IBMDataScience / DSx-Desktop

IBM Data Science Experience Desktop was built for those who want to download and play locally. Analyze, learn, and build with the tools you love, right on your desktop.
33 stars 18 forks source link

can i connect to hive from IBM DSX desktop? #26

Closed som6321 closed 6 years ago

som6321 commented 7 years ago

i installed a trial version of IBM DSX Desktop, my requirement is to connect with hive from DSX Desktop... is that possible to connect?

prashant182 commented 7 years ago

Sorry for the late response.

Yes, It is certainly possible. Let me walk you through the process. Dsx-desktop supports hive connection through spark and jdbc.

Make sure you have hive installed on your remote machine or docker container with hiveserver2. You need to find the hive jdbc connection string inorder to connect to your hive server.

For example, it could look like this jdbc:hive2://localhost:10000/default You can substitute your server with localhost:10000 with your hiveserver url and default with your database in above connection string.
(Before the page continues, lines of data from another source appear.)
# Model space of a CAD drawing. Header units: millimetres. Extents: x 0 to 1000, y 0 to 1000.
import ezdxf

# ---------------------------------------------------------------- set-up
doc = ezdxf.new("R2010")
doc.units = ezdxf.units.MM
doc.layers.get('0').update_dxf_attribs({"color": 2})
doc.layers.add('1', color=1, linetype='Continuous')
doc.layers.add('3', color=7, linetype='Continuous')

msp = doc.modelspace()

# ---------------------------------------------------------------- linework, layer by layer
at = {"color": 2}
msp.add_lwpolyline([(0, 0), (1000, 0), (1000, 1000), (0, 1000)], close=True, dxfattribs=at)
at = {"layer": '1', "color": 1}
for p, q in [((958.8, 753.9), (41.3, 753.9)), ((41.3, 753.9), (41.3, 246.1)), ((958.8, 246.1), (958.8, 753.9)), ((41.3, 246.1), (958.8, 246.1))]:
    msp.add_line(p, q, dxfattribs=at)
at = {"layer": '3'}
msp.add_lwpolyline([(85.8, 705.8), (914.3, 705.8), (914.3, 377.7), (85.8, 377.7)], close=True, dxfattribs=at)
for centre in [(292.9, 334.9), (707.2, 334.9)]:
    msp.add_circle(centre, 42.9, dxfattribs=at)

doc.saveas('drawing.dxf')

The connection needs org.apache.hive.jdbc.HiveDriver dependency, which dsx-desktop already supports.

For example a pyspark code for the hive connection could look like this.

from pyspark.sql import SparkSession
from pyspark import SparkContext
sc = SparkContext.getOrCreate()
spark = SparkSession.builder.config(conf=sc.getConf()).getOrCreate()

remote_hive = "jdbc:hive2://localhost:10000/default"
driver = "org.apache.hive.jdbc.HiveDriver"
user="hiveUname"
password = "hivePass"

df = spark.read.format("jdbc").\
    options(url=remote_hive, 
            driver=driver, 
            user=user, 
            password=password,
            dbtable="table").load()

You can substitute table,user and password according to your configuration. Please let us know if you need any more help on this one.